▸ **WORK REQUEST**:
Search the records for lines with the word "assembly" and copy each match.
DATA TO PROCESS Block Start
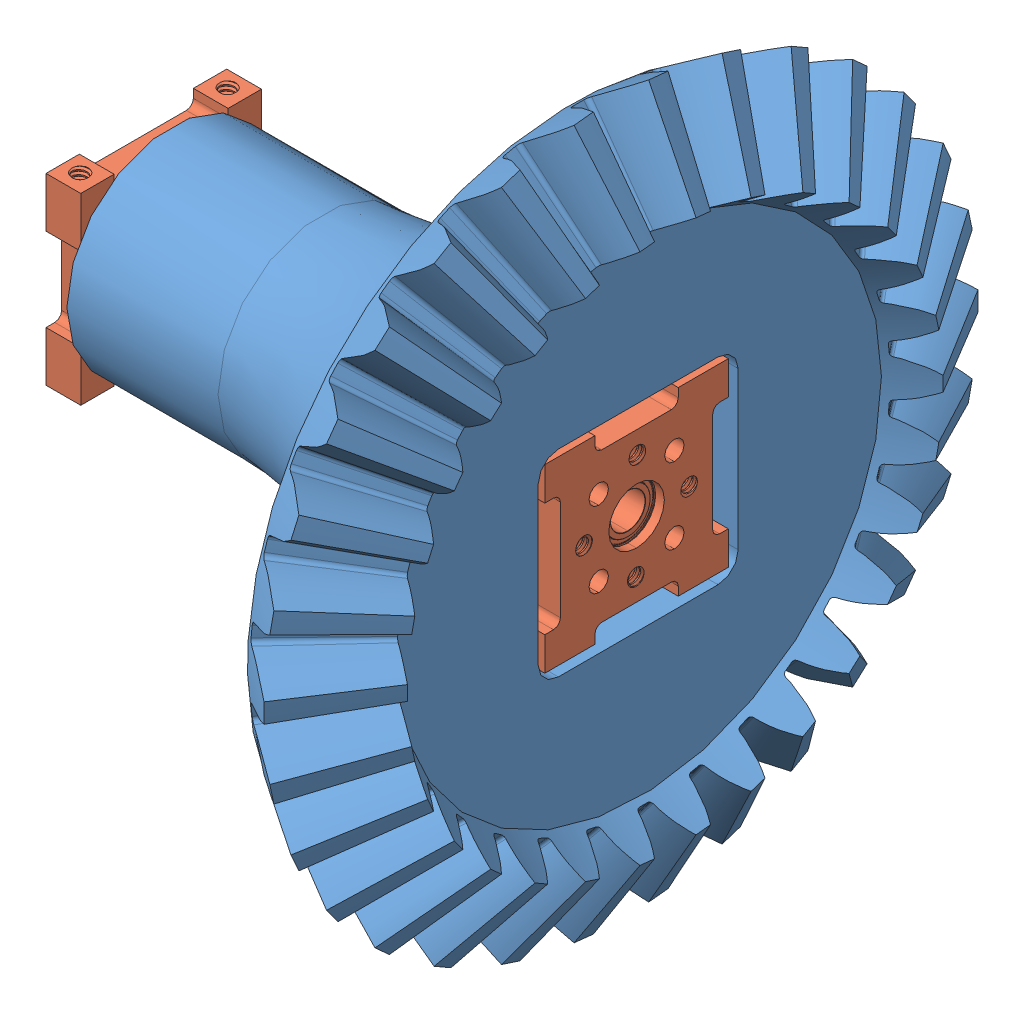
SolidWorks assembly ARMUS-REV2-400, configuration Défaut. Lengths in mm.
Overall size (99.55 130.43 130.79).
3 component instances, 2 part files, 8 mates.
Components (placement in the parent):
- ARMUS-REV2-401-1: ARMUS-REV2-401 [Default] at origin size (93.2 130.43 130.79)
- Bore Side Tapped Pillow Block 1.25-1: Bore Side Tapped Pillow Block 1.25 [Default] at (-58.9626 7.6184 28.3917) x (0 -1 0) z (0 0 -1) size (33.54 6.35 33.02)
- Bore Side Tapped Pillow Block 1.25-2: Bore Side Tapped Pillow Block 1.25 [Default] at (26.0822 -28.3917 7.6184) x (0 0 -1) z (0 1 0) size (33.54 6.35 33.02)
Mates (geometry in assembly coordinates):
- Concentric294: concentric anti-aligned: cylinder of ARMUS-REV2-401-1 through (128.2701 0 0) axis (-1 0 0) radius 6.35; cylinder of Bore Side Tapped Pillow Block 1.25-2 through (5.5295 0 0) axis (1 0 0) radius 3.175
- Concentric296: concentric anti-aligned: cylinder of ARMUS-REV2-401-1 through (5.5168 -6.9148 -6.9148) axis (1 0 0) radius 1.25; cylinder of Bore Side Tapped Pillow Block 1.25-2 through (5.5168 -6.9148 -6.9148) axis (-1 0 0) radius 1.778
- Concentric297: concentric anti-aligned: cylinder of ARMUS-REV2-401-1 through (5.5168 6.9148 -6.9148) axis (1 0 0) radius 1.25; cylinder of Bore Side Tapped Pillow Block 1.25-2 through (5.5168 6.9148 -6.9148) axis (-1 0 0) radius 1.778
- Coincident59: coincident anti-aligned: plane of ARMUS-REV2-401-1 through (5.5168 0 0) normal (1 0 0); plane of Bore Side Tapped Pillow Block 1.25-2 through (5.5168 0 0) normal (-1 0 0)
- Coincident60: coordinate: point of ARMUS-REV2-401-1
- Concentric299: concentric anti-aligned: cylinder of ARMUS-REV2-401-1 through (5.5168 -6.9148 -6.9148) axis (1 0 0) radius 1.25; cylinder of Bore Side Tapped Pillow Block 1.25-1 through (-79.5281 -6.9148 -6.9148) axis (-1 0 0) radius 1.778
- Coincident61: coincident anti-aligned: plane of ARMUS-REV2-401-1 through (-73.1781 -65.2174 -19.05) normal (-1 0 0); plane of Bore Side Tapped Pillow Block 1.25-1 through (-73.1781 0 0) normal (1 0 0)
- Concentric301: concentric anti-aligned: cylinder of ARMUS-REV2-401-1 through (5.5168 6.9148 6.9148) axis (1 0 0) radius 1.25; cylinder of Bore Side Tapped Pillow Block 1.25-1 through (-79.5281 6.9148 6.9148) axis (-1 0 0) radius 1.778
DATA TO PROCESS Block End
▸ **SOLUTION**:
SolidWorks assembly ARMUS-REV2-400, configuration Défaut. Lengths in mm.
Mates (geometry in assembly coordinates):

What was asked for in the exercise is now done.